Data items
-- Opening Marker --
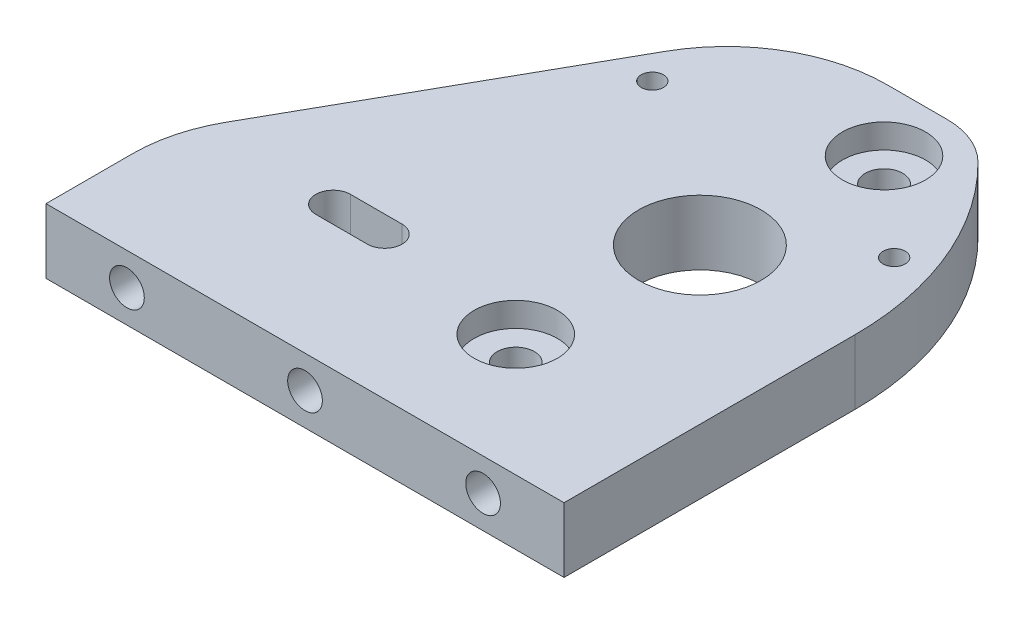
ISO-10303-21;
HEADER;
FILE_DESCRIPTION(('STEP AP214'),'2;1');
FILE_NAME('part.step','',(''),(''),'','','');
FILE_SCHEMA(('AUTOMOTIVE_DESIGN { 1 0 10303 214 1 1 1 1 }'));
ENDSEC;
DATA;
#1=APPLICATION_CONTEXT('core data for automotive mechanical design processes');
#2=APPLICATION_PROTOCOL_DEFINITION('international standard','automotive_design',2000,#1);
#3=PRODUCT_CONTEXT('',#1,'mechanical');
#4=PRODUCT('Part','Part','',(#3));
#5=PRODUCT_RELATED_PRODUCT_CATEGORY('part','',(#4));
#6=PRODUCT_DEFINITION_FORMATION('','',#4);
#7=PRODUCT_DEFINITION_CONTEXT('part definition',#1,'design');
#8=PRODUCT_DEFINITION('design','',#6,#7);
#9=PRODUCT_DEFINITION_SHAPE('','',#8);
#10=(LENGTH_UNIT() NAMED_UNIT(*) SI_UNIT(.MILLI.,.METRE.));
#11=(NAMED_UNIT(*) PLANE_ANGLE_UNIT() SI_UNIT($,.RADIAN.));
#12=(NAMED_UNIT(*) SI_UNIT($,.STERADIAN.) SOLID_ANGLE_UNIT());
#13=UNCERTAINTY_MEASURE_WITH_UNIT(LENGTH_MEASURE(1.E-05),#10,'distance_accuracy_value','');
#14=(GEOMETRIC_REPRESENTATION_CONTEXT(3) GLOBAL_UNCERTAINTY_ASSIGNED_CONTEXT((#13)) GLOBAL_UNIT_ASSIGNED_CONTEXT((#10,
#11,#12)) REPRESENTATION_CONTEXT('',''));
#15=CARTESIAN_POINT('',(0.,0.,0.));
#16=DIRECTION('',(0.,0.,1.));
#17=DIRECTION('',(1.,0.,0.));
#18=AXIS2_PLACEMENT_3D('',#15,#16,#17);
#19=CARTESIAN_POINT('',(0.,9.525,0.));
#20=DIRECTION('',(0.,-1.,0.));
#21=DIRECTION('',(0.,0.,-1.));
#22=AXIS2_PLACEMENT_3D('',#19,#20,#21);
#23=PLANE('',#22);
#24=DIRECTION('',(1.,0.,0.));
#25=VECTOR('',#24,1.);
#26=CARTESIAN_POINT('',(18.030825,9.525,-23.5800563674416));
#27=LINE('',#26,#25);
#28=CARTESIAN_POINT('',(18.030825,9.525,-23.5800563674416));
#29=VERTEX_POINT('',#28);
#30=CARTESIAN_POINT('',(25.625425,9.525,-23.5800563674416));
#31=VERTEX_POINT('',#30);
#32=EDGE_CURVE('E292',#29,#31,#27,.T.);
#33=ORIENTED_EDGE('',*,*,#32,.T.);
#34=CARTESIAN_POINT('',(25.625425,9.525,-21.0273563674416));
#35=DIRECTION('',(0.,1.,0.));
#36=DIRECTION('',(0.,0.,1.));
#37=AXIS2_PLACEMENT_3D('',#34,#35,#36);
#38=CIRCLE('',#37,2.5527);
#39=CARTESIAN_POINT('',(25.625425,9.525,-18.4746563674416));
#40=VERTEX_POINT('',#39);
#41=EDGE_CURVE('E300',#40,#31,#38,.T.);
#42=ORIENTED_EDGE('',*,*,#41,.F.);
#43=DIRECTION('',(1.,0.,0.));
#44=VECTOR('',#43,1.);
#45=CARTESIAN_POINT('',(18.030825,9.525,-18.4746563674416));
#46=LINE('',#45,#44);
#47=CARTESIAN_POINT('',(18.030825,9.525,-18.4746563674416));
#48=VERTEX_POINT('',#47);
#49=EDGE_CURVE('E285',#48,#40,#46,.T.);
#50=ORIENTED_EDGE('',*,*,#49,.F.);
#51=CARTESIAN_POINT('',(18.030825,9.525,-21.0273563674416));
#52=DIRECTION('',(0.,1.,0.));
#53=DIRECTION('',(0.,0.,1.));
#54=AXIS2_PLACEMENT_3D('',#51,#52,#53);
#55=CIRCLE('',#54,2.5527);
#56=EDGE_CURVE('E295',#29,#48,#55,.T.);
#57=ORIENTED_EDGE('',*,*,#56,.F.);
#58=EDGE_LOOP('',(#33,#42,#50,#57));
#59=FACE_BOUND('',#58,.T.);
#60=CARTESIAN_POINT('',(25.8140218113133,9.525,-60.2002575391825));
#61=DIRECTION('',(0.,-1.,0.));
#62=DIRECTION('',(0.,0.,-1.));
#63=AXIS2_PLACEMENT_3D('',#60,#61,#62);
#64=CIRCLE('',#63,1.63195);
#65=CARTESIAN_POINT('',(25.8140218113133,9.525,-61.8322075391825));
#66=VERTEX_POINT('',#65);
#67=EDGE_CURVE('E317',#66,#66,#64,.T.);
#68=ORIENTED_EDGE('',*,*,#67,.T.);
#69=EDGE_LOOP('',(#68));
#70=FACE_BOUND('',#69,.T.);
#71=CARTESIAN_POINT('',(66.0757685720033,9.525,-55.5088169021917));
#72=DIRECTION('',(0.,-1.,0.));
#73=DIRECTION('',(0.,0.,-1.));
#74=AXIS2_PLACEMENT_3D('',#71,#72,#73);
#75=CIRCLE('',#74,1.63194999999999);
#76=CARTESIAN_POINT('',(66.0757685720033,9.525,-57.1407669021917));
#77=VERTEX_POINT('',#76);
#78=EDGE_CURVE('E329',#77,#77,#75,.T.);
#79=ORIENTED_EDGE('',*,*,#78,.T.);
#80=EDGE_LOOP('',(#79));
#81=FACE_BOUND('',#80,.T.);
#82=CARTESIAN_POINT('',(52.3796621440065,9.525,-67.7136843923407));
#83=DIRECTION('',(0.,1.,0.));
#84=DIRECTION('',(0.,0.,1.));
#85=AXIS2_PLACEMENT_3D('',#82,#83,#84);
#86=CIRCLE('',#85,6.11999999999999);
#87=CARTESIAN_POINT('',(52.3796621440065,9.525,-61.5936843923407));
#88=VERTEX_POINT('',#87);
#89=EDGE_CURVE('E332',#88,#88,#86,.T.);
#90=ORIENTED_EDGE('',*,*,#89,.F.);
#91=EDGE_LOOP('',(#90));
#92=FACE_BOUND('',#91,.T.);
#93=CARTESIAN_POINT('',(48.021875,9.525,-17.9039494120426));
#94=DIRECTION('',(0.,1.,0.));
#95=DIRECTION('',(0.,0.,1.));
#96=AXIS2_PLACEMENT_3D('',#93,#94,#95);
#97=CIRCLE('',#96,6.11999999999999);
#98=CARTESIAN_POINT('',(48.021875,9.525,-11.7839494120426));
#99=VERTEX_POINT('',#98);
#100=EDGE_CURVE('E344',#99,#99,#97,.T.);
#101=ORIENTED_EDGE('',*,*,#100,.F.);
#102=EDGE_LOOP('',(#101));
#103=FACE_BOUND('',#102,.T.);
#104=CARTESIAN_POINT('',(50.2007685720033,9.525,-42.8088169021917));
#105=DIRECTION('',(0.,1.,0.));
#106=DIRECTION('',(0.,0.,1.));
#107=AXIS2_PLACEMENT_3D('',#104,#105,#106);
#108=CIRCLE('',#107,8.99999999999999);
#109=CARTESIAN_POINT('',(50.2007685720033,9.525,-33.8088169021917));
#110=VERTEX_POINT('',#109);
#111=EDGE_CURVE('E356',#110,#110,#108,.T.);
#112=ORIENTED_EDGE('',*,*,#111,.F.);
#113=EDGE_LOOP('',(#112));
#114=FACE_BOUND('',#113,.T.);
#115=DIRECTION('',(0.,0.,1.));
#116=VECTOR('',#115,1.);
#117=CARTESIAN_POINT('',(73.025,9.52500000000001,-101.6));
#118=LINE('',#117,#116);
#119=CARTESIAN_POINT('',(73.025,9.52500000000001,-42.7680148106246));
#120=VERTEX_POINT('',#119);
#121=CARTESIAN_POINT('',(73.025,9.52500000000001,0.));
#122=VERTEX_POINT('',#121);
-- Closing Marker --
With the first line being the one containing "#61=DIRECTION('',(0.,-1.,0.));" and the last line the one containing "#86=CIRCLE('',#85,6.11999999999999);", transcribe exactly the lines above that fall in that range.

Answer to this task:
#61=DIRECTION('',(0.,-1.,0.));
#62=DIRECTION('',(0.,0.,-1.));
#63=AXIS2_PLACEMENT_3D('',#60,#61,#62);
#64=CIRCLE('',#63,1.63195);
#65=CARTESIAN_POINT('',(25.8140218113133,9.525,-61.8322075391825));
#66=VERTEX_POINT('',#65);
#67=EDGE_CURVE('E317',#66,#66,#64,.T.);
#68=ORIENTED_EDGE('',*,*,#67,.T.);
#69=EDGE_LOOP('',(#68));
#70=FACE_BOUND('',#69,.T.);
#71=CARTESIAN_POINT('',(66.0757685720033,9.525,-55.5088169021917));
#72=DIRECTION('',(0.,-1.,0.));
#73=DIRECTION('',(0.,0.,-1.));
#74=AXIS2_PLACEMENT_3D('',#71,#72,#73);
#75=CIRCLE('',#74,1.63194999999999);
#76=CARTESIAN_POINT('',(66.0757685720033,9.525,-57.1407669021917));
#77=VERTEX_POINT('',#76);
#78=EDGE_CURVE('E329',#77,#77,#75,.T.);
#79=ORIENTED_EDGE('',*,*,#78,.T.);
#80=EDGE_LOOP('',(#79));
#81=FACE_BOUND('',#80,.T.);
#82=CARTESIAN_POINT('',(52.3796621440065,9.525,-67.7136843923407));
#83=DIRECTION('',(0.,1.,0.));
#84=DIRECTION('',(0.,0.,1.));
#85=AXIS2_PLACEMENT_3D('',#82,#83,#84);
#86=CIRCLE('',#85,6.11999999999999);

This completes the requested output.